The juicy work of living into your calling simply takes the time it takes, and it can't be rushed. That said, we don't have to sit on our hands all the time waiting for signs to act. We can tend to the Work even in the waiting, when it seems like nothing is happening, or we're wondering how it's all going to work out.
I saw a wonderful image on a tarot card once. I can't remember the artist or which deck it was, but the card was the 5 of Pentacles: a symbol of tightness around resources or materials. This card can represent that crunch we feel when things are financially tight, and the image on the card was of a woman making tortillas. What I felt from the artist was that in those times when we're feeling the tightness or urgency of living inside capitalism, we should return to the simple, hands-on work of tending to what's right in front of us.

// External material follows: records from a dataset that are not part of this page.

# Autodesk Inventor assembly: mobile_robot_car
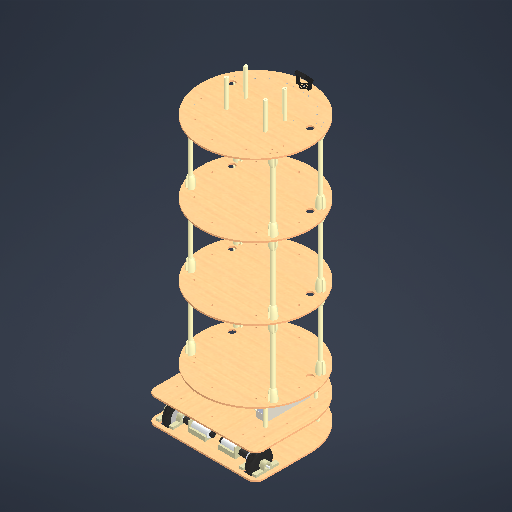
[picture p0: Inventor's stored thumbnail of the model, 512x512]
Saved by Autodesk Inventor 2026 (Build 300175050, 175E)
## iProperties
Created: 2025-06-05
Part Number: mobile_robot_car
Document SubType Name: Assembly
Designer: satom
Author: satom
## Documents named in this file (25)
- C:\Users\satom\Desktop\Robot\CAD\Inventor\mobile_robot_car.iam
- C:\Users\satom\Desktop\Robot\CAD\Inventor\C - Chassis\layer1_new.ipt
- C:\Users\satom\Desktop\Robot\CAD\Inventor\D - DriveTrain\motor_holder.ipt
- C:\Users\satom\Desktop\Robot\CAD\Inventor\D - DriveTrain\wheel_bearing.ipt
- C:\Users\satom\Desktop\Robot\CAD\Inventor\D - DriveTrain\wheel_mount.ipt
- C:\Users\satom\Desktop\Robot\CAD\Inventor\C - Chassis\3inch_standoff.ipt
- C:\Users\satom\Desktop\Robot\CAD\Inventor\solidworks\D - DriveTrain\ball_caster\ball_caster\ball_caster.ipt
- C:\Users\satom\Desktop\Robot\CAD\Inventor\solidworks\D - DriveTrain\motor\motor\motor.ipt
- C:\Users\satom\Desktop\Robot\CAD\Inventor\solidworks\D - DriveTrain\shaft_coupler\shaft_coupler\shaft_coupler.ipt
- C:\Users\satom\Desktop\Robot\CAD\Inventor\solidworks\D - DriveTrain\drive_shaft\drive_shaft\drive_shaft.ipt
- C:\Users\satom\Desktop\Robot\CAD\Inventor\solidworks\D - DriveTrain\ball_bearing\ball_bearing\ball_bearing.ipt
- C:\Users\satom\Desktop\Robot\CAD\Inventor\solidworks\D - DriveTrain\wheel\wheel\wheel.ipt
- C:\Users\satom\Desktop\Robot\CAD\Inventor\solidworks\E - Electronics\Main Board\Main Board\Main Board.ipt
- C:\Users\satom\Desktop\Robot\CAD\Inventor\solidworks\E - Electronics\NiMH_battery\NiMH_battery\NiMH_battery.ipt
- C:\Users\satom\Desktop\Robot\CAD\Inventor\solidworks\C - Chassis\NiMH_holder\NiMH_holder\NiMH_holder.ipt
- C:\Users\satom\Desktop\Robot\CAD\Inventor\C - Chassis\layer2_new.ipt
- C:\Users\satom\Desktop\Robot\CAD\Inventor\solidworks\E - Electronics\IMU breakout\IMU breakout\IMU breakout.ipt
- C:\Users\satom\Desktop\Robot\CAD\Inventor\solidworks\E - Electronics\jetson_orin_nano_platform\jetson_orin_nano_platform\jetson_orin_nano_platform.ipt
- C:\Users\satom\Desktop\Robot\CAD\Inventor\C - Chassis\layer3_new.ipt
- C:\Users\satom\Desktop\Robot\CAD\Inventor\C - Chassis\9inch_spacer.ipt
- C:\Users\satom\Desktop\Robot\CAD\Inventor\C - Chassis\layer4_new.ipt
- C:\Users\satom\Desktop\Robot\CAD\Inventor\C - Chassis\layer5_new.ipt
- C:\Users\satom\Desktop\Robot\CAD\Inventor\C - Chassis\layer6_new.ipt
- C:\Users\satom\Desktop\Robot\CAD\Inventor\C - Chassis\3.5inch_standoff.ipt
- C:\Users\satom\Desktop\Robot\CAD\Inventor\solidworks\Display\Arducam_assembly\Arducam_assembly\Arducam_assembly.ipt
## Components (61 placed, 24 different names)
1. layer1_new:1 — Mate:1, Mate:2, Mate:3, Mate:4, Mate:5, Mate:6, Mate:8, Mate:9, Mate:10, Mate:11, Mate:12, Mate:13, Mate:14, Mate:15, Mate:18, Mate:19, Mate:20, Mate:21, Mate:22, Mate:23, Mate:24, Mate:25, Mate:26, Mate:27, Mate:28, Mate:33, Mate:34, Mate:65, Mate:66, Mate:67
2. motor_holder:1 — Mate:1, Mate:29, Mate:30, Mate:34
3. motor_holder:2 — Mate:2, Mate:31, Mate:32, Mate:33
4. wheel_bearing:1 — Mate:5, Mate:12, Mate:13, Mate:43, Mate:44
5. wheel_bearing:2 — Mate:6, Mate:10, Mate:11, Mate:50, Mate:51
6. wheel_bearing:3 — Mate:4, Mate:14, Mate:15, Mate:45, Mate:46
7. wheel_bearing:4 — Mate:3, Mate:8, Mate:9, Mate:48, Mate:49
8. wheel_mount:1 — Mate:55, Mate:56, Mate:62
9. wheel_mount:2 — Mate:57, Mate:58, Mate:64
10. wheel_mount:3 — Mate:53, Mate:54
11. wheel_mount:4 — Mate:59, Mate:60, Mate:61, Mate:63
12. 3inch_standoff:1 — Mate:18, Mate:24, Mate:82
13. 3inch_standoff:2 — Mate:19, Mate:25, Mate:79, Mate:81
14. 3inch_standoff:3 — Mate:21, Mate:23, Mate:83
15. 3inch_standoff:4 — Mate:20, Mate:22, Mate:80
16. ball_caster:1 — Mate:26, Mate:27, Mate:28
17. motor:1 — Mate:29, Mate:30, Mate:35, Mate:37
18. motor:2 — Mate:31, Mate:32, Mate:36, Mate:38
19. shaft_coupler:1 — Mate:36, Mate:38, Mate:39, Mate:41
20. shaft_coupler:2 — Mate:35, Mate:37, Mate:40, Mate:42
21. drive_shaft:1 — Mate:39, Mate:41, Mate:62
22. drive_shaft:2 — Mate:40, Mate:42, Mate:61
23. ball_bearing:1 — Mate:50, Mate:51
24. ball_bearing:2 — Mate:45, Mate:46
25. ball_bearing:3 — Mate:43, Mate:44, Mate:63
26. ball_bearing:4 — Mate:48, Mate:49, Mate:64
27. wheel:1 — Mate:55, Mate:56, Mate:57, Mate:58
28. wheel:2 — Mate:53, Mate:54, Mate:59, Mate:60
29. Main Board:1 — Mate:65, Mate:66, Mate:67
30. NiMH_battery:1 — Mate:76, Mate:77
31. NiMH_battery:2 — Mate:74, Mate:78
32. NiMH_holder:1 — Mate:74, Mate:78, Mate:84, Mate:86, Mate:87
33. NiMH_holder:2 — Mate:76, Mate:77, Mate:85, Mate:88, Mate:89
34. layer2_new:1 — Mate:79, Mate:80, Mate:81, Mate:82, Mate:83, Mate:84, Mate:85, Mate:86, Mate:87, Mate:88, Mate:89, Mate:90, Mate:91, Mate:92, Mate:93, Mate:94, Mate:95, Mate:96, Mate:97, Mate:98, Mate:99, Mate:100, Mate:101, Mate:102
35. IMU breakout:1 — Mate:90, Mate:91, Mate:92
36. jetson_orin_nano_platform:1 — Mate:93, Mate:94
37. 3inch_standoff:5 — Mate:97, Mate:101, Mate:103, Mate:104
38. 3inch_standoff:6 — Mate:96, Mate:102
39. 3inch_standoff:7 — Mate:98, Mate:99
40. 3inch_standoff:8 — Mate:95, Mate:100, Mate:105
41. layer3_new:1 — Mate:103, Mate:104, Mate:105, Mate:106, Mate:107, Mate:108, Mate:109, Mate:110, Mate:111, Mate:112, Mate:113, Mate:114, Mate:115, Mate:116, Mate:117, Mate:118, Mate:119, Mate:120, Mate:121
42. 9inch_spacer:1 — Mate:106, Mate:116, Mate:117, Mate:118, Mate:126, Mate:127
43. 9inch_spacer:2 — Mate:107, Mate:119, Mate:120, Mate:121, Mate:122, Mate:123, Mate:124, Mate:125
44. 9inch_spacer:3 — Mate:108, Mate:110, Mate:111, Mate:112, Mate:130, Mate:131
45. 9inch_spacer:4 — Mate:109, Mate:113, Mate:114, Mate:115, Mate:128, Mate:129
46. layer4_new:1 — Mate:122, Mate:123, Mate:124, Mate:125, Mate:126, Mate:127, Mate:128, Mate:129, Mate:130, Mate:131, Mate:132, Mate:133, Mate:134, Mate:135, Mate:136, Mate:137, Mate:138, Mate:139, Mate:140, Mate:141, Mate:142, Mate:143, Mate:144, Mate:145, Mate:146, Mate:147
47. 9inch_spacer:5 — Mate:135, Mate:145, Mate:146, Mate:147, Mate:148, Mate:152, Mate:153, Mate:154
48. 9inch_spacer:6 — Mate:134, Mate:142, Mate:143, Mate:144, Mate:155, Mate:156, Mate:157
49. 9inch_spacer:7 — Mate:133, Mate:136, Mate:137, Mate:138, Mate:158, Mate:159, Mate:160
50. 9inch_spacer:8 — Mate:132, Mate:139, Mate:140, Mate:141, Mate:149, Mate:150, Mate:151
51. layer5_new:1 — Mate:148, Mate:149, Mate:150, Mate:151, Mate:152, Mate:153, Mate:154, Mate:155, Mate:156, Mate:157, Mate:158, Mate:159, Mate:160, Mate:161, Mate:162, Mate:163, Mate:164, Mate:165, Mate:166, Mate:167, Mate:168, Mate:169, Mate:170, Mate:171, Mate:172, Mate:173, Mate:174, Mate:175, Mate:176
52. 9inch_spacer:9 — Mate:161, Mate:171, Mate:172, Mate:173, Mate:177, Mate:178, Mate:179, Mate:180
53. 9inch_spacer:10 — Mate:162, Mate:174, Mate:175, Mate:176, Mate:181, Mate:182, Mate:183
54. 9inch_spacer:11 — Mate:163, Mate:168, Mate:169, Mate:170, Mate:187, Mate:188, Mate:189
55. 9inch_spacer:12 — Mate:164, Mate:165, Mate:166, Mate:167, Mate:184, Mate:185, Mate:186
56. layer6_new:1 — Mate:177, Mate:178, Mate:179, Mate:180, Mate:181, Mate:182, Mate:183, Mate:184, Mate:185, Mate:186, Mate:187, Mate:188, Mate:189, Mate:190, Mate:191, Mate:192, Mate:193, Mate:194, Mate:195, Mate:196, Mate:197, Mate:198, Mate:199
57. 3.5inch_standoff:1 — Mate:191, Mate:194
58. 3.5inch_standoff:2 — Mate:190, Mate:197
59. 3.5inch_standoff:3 — Mate:192, Mate:196
60. 3.5inch_standoff:4 — Mate:193, Mate:195
61. Arducam_assembly:1 — Mate:198, Mate:199
## Relationships (187: Mate 187)
- Mate:1: layer1_new:1 ↔ motor_holder:1
- Mate:2: layer1_new:1 ↔ motor_holder:2
- Mate:3: layer1_new:1 ↔ wheel_bearing:4
- Mate:4: layer1_new:1 ↔ wheel_bearing:3
- Mate:5: layer1_new:1 ↔ wheel_bearing:1
- Mate:6: layer1_new:1 ↔ wheel_bearing:2
- Mate:8: layer1_new:1 ↔ wheel_bearing:4
- Mate:9: layer1_new:1 ↔ wheel_bearing:4
- Mate:10: layer1_new:1 ↔ wheel_bearing:2
- Mate:11: layer1_new:1 ↔ wheel_bearing:2
- Mate:12: layer1_new:1 ↔ wheel_bearing:1
- Mate:13: layer1_new:1 ↔ wheel_bearing:1
- Mate:14: layer1_new:1 ↔ wheel_bearing:3
- Mate:15: layer1_new:1 ↔ wheel_bearing:3
- Mate:18: layer1_new:1 ↔ 3inch_standoff:1
- Mate:19: layer1_new:1 ↔ 3inch_standoff:2
- Mate:20: layer1_new:1 ↔ 3inch_standoff:4
- Mate:21: layer1_new:1 ↔ 3inch_standoff:3
- Mate:22: layer1_new:1 ↔ 3inch_standoff:4
- Mate:23: layer1_new:1 ↔ 3inch_standoff:3
- Mate:24: layer1_new:1 ↔ 3inch_standoff:1
- Mate:25: layer1_new:1 ↔ 3inch_standoff:2
- Mate:26: layer1_new:1 ↔ ball_caster:1
- Mate:27: layer1_new:1 ↔ ball_caster:1
- Mate:28: layer1_new:1 ↔ ball_caster:1
- Mate:29: motor_holder:1 ↔ motor:1
- Mate:30: motor_holder:1 ↔ motor:1
- Mate:31: motor_holder:2 ↔ motor:2
- Mate:32: motor_holder:2 ↔ motor:2
- Mate:33: layer1_new:1 ↔ motor_holder:2
- Mate:34: layer1_new:1 ↔ motor_holder:1
- Mate:35: motor:1 ↔ shaft_coupler:2
- Mate:36: motor:2 ↔ shaft_coupler:1
- Mate:37 (0.508 mm): motor:1 ↔ shaft_coupler:2
- Mate:38 (0.508 mm): motor:2 ↔ shaft_coupler:1
- Mate:39: shaft_coupler:1 ↔ drive_shaft:1
- Mate:40: shaft_coupler:2 ↔ drive_shaft:2
- Mate:41: shaft_coupler:1 ↔ drive_shaft:1
- Mate:42: shaft_coupler:2 ↔ drive_shaft:2
- Mate:43: wheel_bearing:1 ↔ ball_bearing:3
- Mate:44: wheel_bearing:1 ↔ ball_bearing:3
- Mate:45: wheel_bearing:3 ↔ ball_bearing:2
- Mate:46: wheel_bearing:3 ↔ ball_bearing:2
- Mate:48: wheel_bearing:4 ↔ ball_bearing:4
- Mate:49: wheel_bearing:4 ↔ ball_bearing:4
- Mate:50: wheel_bearing:2 ↔ ball_bearing:1
- Mate:51: wheel_bearing:2 ↔ ball_bearing:1
- Mate:53: wheel_mount:3 ↔ wheel:2
- Mate:54: wheel_mount:3 ↔ wheel:2
- Mate:55: wheel_mount:1 ↔ wheel:1
- Mate:56: wheel_mount:1 ↔ wheel:1
- Mate:57: wheel_mount:2 ↔ wheel:1
- Mate:58: wheel_mount:2 ↔ wheel:1
- Mate:59: wheel_mount:4 ↔ wheel:2
- Mate:60: wheel_mount:4 ↔ wheel:2
- Mate:61: wheel_mount:4 ↔ drive_shaft:2
- Mate:62: wheel_mount:1 ↔ drive_shaft:1
- Mate:63 (2.54 mm): wheel_mount:4 ↔ ball_bearing:3
- Mate:64 (2.54 mm): wheel_mount:2 ↔ ball_bearing:4
- Mate:65: layer1_new:1 ↔ Main Board:1
- Mate:66: layer1_new:1 ↔ Main Board:1
- Mate:67: layer1_new:1 ↔ Main Board:1
- Mate:74: NiMH_battery:2 ↔ NiMH_holder:1
- Mate:76: NiMH_battery:1 ↔ NiMH_holder:2
- Mate:77: NiMH_battery:1 ↔ NiMH_holder:2
- Mate:78: NiMH_battery:2 ↔ NiMH_holder:1
- Mate:79: 3inch_standoff:2 ↔ layer2_new:1
- Mate:80: 3inch_standoff:4 ↔ layer2_new:1
- Mate:81: 3inch_standoff:2 ↔ layer2_new:1
- Mate:82: 3inch_standoff:1 ↔ layer2_new:1
- Mate:83: 3inch_standoff:3 ↔ layer2_new:1
- Mate:84: NiMH_holder:1 ↔ layer2_new:1
- Mate:85: NiMH_holder:2 ↔ layer2_new:1
- Mate:86: NiMH_holder:1 ↔ layer2_new:1
- Mate:87: NiMH_holder:1 ↔ layer2_new:1
- Mate:88: NiMH_holder:2 ↔ layer2_new:1
- Mate:89: NiMH_holder:2 ↔ layer2_new:1
- Mate:90: layer2_new:1 ↔ IMU breakout:1
- Mate:91: layer2_new:1 ↔ IMU breakout:1
- Mate:92: layer2_new:1 ↔ IMU breakout:1
- Mate:93: layer2_new:1 ↔ jetson_orin_nano_platform:1
- Mate:94: layer2_new:1 ↔ jetson_orin_nano_platform:1
- Mate:95: layer2_new:1 ↔ 3inch_standoff:8
- Mate:96: layer2_new:1 ↔ 3inch_standoff:6
- Mate:97: layer2_new:1 ↔ 3inch_standoff:5
- Mate:98: layer2_new:1 ↔ 3inch_standoff:7
- Mate:99: layer2_new:1 ↔ 3inch_standoff:7
- Mate:100: layer2_new:1 ↔ 3inch_standoff:8
- Mate:101: layer2_new:1 ↔ 3inch_standoff:5
- Mate:102: layer2_new:1 ↔ 3inch_standoff:6
- Mate:103: 3inch_standoff:5 ↔ layer3_new:1
- Mate:104: 3inch_standoff:5 ↔ layer3_new:1
- Mate:105: 3inch_standoff:8 ↔ layer3_new:1
- Mate:106: layer3_new:1 ↔ 9inch_spacer:1
- Mate:107: layer3_new:1 ↔ 9inch_spacer:2
- Mate:108: layer3_new:1 ↔ 9inch_spacer:3
- Mate:109: layer3_new:1 ↔ 9inch_spacer:4
- Mate:110: layer3_new:1 ↔ 9inch_spacer:3
- Mate:111: layer3_new:1 ↔ 9inch_spacer:3
- Mate:112: layer3_new:1 ↔ 9inch_spacer:3
- Mate:113: layer3_new:1 ↔ 9inch_spacer:4
- Mate:114: layer3_new:1 ↔ 9inch_spacer:4
- Mate:115: layer3_new:1 ↔ 9inch_spacer:4
- Mate:116: layer3_new:1 ↔ 9inch_spacer:1
- Mate:117: layer3_new:1 ↔ 9inch_spacer:1
- Mate:118: layer3_new:1 ↔ 9inch_spacer:1
- Mate:119: layer3_new:1 ↔ 9inch_spacer:2
- Mate:120: layer3_new:1 ↔ 9inch_spacer:2
- Mate:121: layer3_new:1 ↔ 9inch_spacer:2
- Mate:122: 9inch_spacer:2 ↔ layer4_new:1
- Mate:123: 9inch_spacer:2 ↔ layer4_new:1
- Mate:124: 9inch_spacer:2 ↔ layer4_new:1
- Mate:125: 9inch_spacer:2 ↔ layer4_new:1
- Mate:126: 9inch_spacer:1 ↔ layer4_new:1
- Mate:127: 9inch_spacer:1 ↔ layer4_new:1
- Mate:128: 9inch_spacer:4 ↔ layer4_new:1
- Mate:129: 9inch_spacer:4 ↔ layer4_new:1
- Mate:130: 9inch_spacer:3 ↔ layer4_new:1
- Mate:131: 9inch_spacer:3 ↔ layer4_new:1
- Mate:132: layer4_new:1 ↔ 9inch_spacer:8
- Mate:133: layer4_new:1 ↔ 9inch_spacer:7
- Mate:134: layer4_new:1 ↔ 9inch_spacer:6
- Mate:135: layer4_new:1 ↔ 9inch_spacer:5
- Mate:136: layer4_new:1 ↔ 9inch_spacer:7
- Mate:137: layer4_new:1 ↔ 9inch_spacer:7
- Mate:138: layer4_new:1 ↔ 9inch_spacer:7
- Mate:139: layer4_new:1 ↔ 9inch_spacer:8
- Mate:140: layer4_new:1 ↔ 9inch_spacer:8
- Mate:141: layer4_new:1 ↔ 9inch_spacer:8
- Mate:142: layer4_new:1 ↔ 9inch_spacer:6
- Mate:143: layer4_new:1 ↔ 9inch_spacer:6
- Mate:144: layer4_new:1 ↔ 9inch_spacer:6
- Mate:145: layer4_new:1 ↔ 9inch_spacer:5
- Mate:146: layer4_new:1 ↔ 9inch_spacer:5
- Mate:147: layer4_new:1 ↔ 9inch_spacer:5
- Mate:148: 9inch_spacer:5 ↔ layer5_new:1
- Mate:149: 9inch_spacer:8 ↔ layer5_new:1
- Mate:150: 9inch_spacer:8 ↔ layer5_new:1
- Mate:151: 9inch_spacer:8 ↔ layer5_new:1
- Mate:152: 9inch_spacer:5 ↔ layer5_new:1
- Mate:153: 9inch_spacer:5 ↔ layer5_new:1
- Mate:154: 9inch_spacer:5 ↔ layer5_new:1
- Mate:155: 9inch_spacer:6 ↔ layer5_new:1
- Mate:156: 9inch_spacer:6 ↔ layer5_new:1
- Mate:157: 9inch_spacer:6 ↔ layer5_new:1
- Mate:158: 9inch_spacer:7 ↔ layer5_new:1
- Mate:159: 9inch_spacer:7 ↔ layer5_new:1
- Mate:160: 9inch_spacer:7 ↔ layer5_new:1
- Mate:161: layer5_new:1 ↔ 9inch_spacer:9
- Mate:162: layer5_new:1 ↔ 9inch_spacer:10
- Mate:163: layer5_new:1 ↔ 9inch_spacer:11
- Mate:164: layer5_new:1 ↔ 9inch_spacer:12
- Mate:165: layer5_new:1 ↔ 9inch_spacer:12
- Mate:166: layer5_new:1 ↔ 9inch_spacer:12
- Mate:167: layer5_new:1 ↔ 9inch_spacer:12
- Mate:168: layer5_new:1 ↔ 9inch_spacer:11
- Mate:169: layer5_new:1 ↔ 9inch_spacer:11
- Mate:170: layer5_new:1 ↔ 9inch_spacer:11
- Mate:171: layer5_new:1 ↔ 9inch_spacer:9
- Mate:172: layer5_new:1 ↔ 9inch_spacer:9
- Mate:173: layer5_new:1 ↔ 9inch_spacer:9
- Mate:174: layer5_new:1 ↔ 9inch_spacer:10
- Mate:175: layer5_new:1 ↔ 9inch_spacer:10
- Mate:176: layer5_new:1 ↔ 9inch_spacer:10
- Mate:177: 9inch_spacer:9 ↔ layer6_new:1
- Mate:178: 9inch_spacer:9 ↔ layer6_new:1
- Mate:179: 9inch_spacer:9 ↔ layer6_new:1
- Mate:180: 9inch_spacer:9 ↔ layer6_new:1
- Mate:181: 9inch_spacer:10 ↔ layer6_new:1
- Mate:182: 9inch_spacer:10 ↔ layer6_new:1
- Mate:183: 9inch_spacer:10 ↔ layer6_new:1
- Mate:184: 9inch_spacer:12 ↔ layer6_new:1
- Mate:185: 9inch_spacer:12 ↔ layer6_new:1
- Mate:186: 9inch_spacer:12 ↔ layer6_new:1
- Mate:187: 9inch_spacer:11 ↔ layer6_new:1
- Mate:188: 9inch_spacer:11 ↔ layer6_new:1
- Mate:189: 9inch_spacer:11 ↔ layer6_new:1
- Mate:190: layer6_new:1 ↔ 3.5inch_standoff:2
- Mate:191: layer6_new:1 ↔ 3.5inch_standoff:1
- Mate:192: layer6_new:1 ↔ 3.5inch_standoff:3
- Mate:193: layer6_new:1 ↔ 3.5inch_standoff:4
- Mate:194: layer6_new:1 ↔ 3.5inch_standoff:1
- Mate:195: layer6_new:1 ↔ 3.5inch_standoff:4
- Mate:196: layer6_new:1 ↔ 3.5inch_standoff:3
- Mate:197: layer6_new:1 ↔ 3.5inch_standoff:2
- Mate:198: layer6_new:1 ↔ Arducam_assembly:1
- Mate:199: layer6_new:1 ↔ Arducam_assembly:1
## Named parameters: m3_heat_set_insert = 4 mm

Things take the time they take, but we don't have to suffer quite so much while we're waiting. We can always tend to the calling indirectly, even if nothing about it is meant to change right now.
Below are some of the most helpful things I do when I feel stalled or forced to wait for things to drop in. One important note: none of them are related to working on the thing I'm waiting on! For example, if I'm feeling nervous about whether or not a program will fill, a part of me will want to fidget with the webpage constantly or check my email all the time to see if anyone's signed up. What works much better for me (in terms of how I feel but also what "results" I get) is to make metaphorical tortillas.
Ways to tend to yourself when it feels like things are taking forever:
Tend to the vessel through which the Work flows: your body. I usually go for a walk when I'm feeling crunchy or impatient about something.
Ask your spiritual helpers and/or wise and well ancestors to step in and take care of it. This works best for me if I embody the surrender in a way - a verbal request, using my hands to wave the thing out the window and into their hands, releasing a symbolic object to the River, etc.
Cleaning. My house can be very clean when I'm waiting on a Work thing to clarify or drop in!
Compost old beliefs about where you should be by now. Let the tears flow, hold your heart, and grieve your disappointment. I try to do this regularly each Autumn.
Update your expectations so that you allow yourself double the amount of time for something to unfold (e.g., instead of expecting to have X in one year, what if it's two? How would you support yourself in that extended timeline?).
Whatever it is that you're on this Earth to do, your calling has a timeline of its own. It might take longer than you'd like, or the next layer of it could drop in tomorrow. These soulful discoveries simply take the time they take, and I hope that what I've shared today has brought you a little bit of ease as you try to embrace your natural process and pace.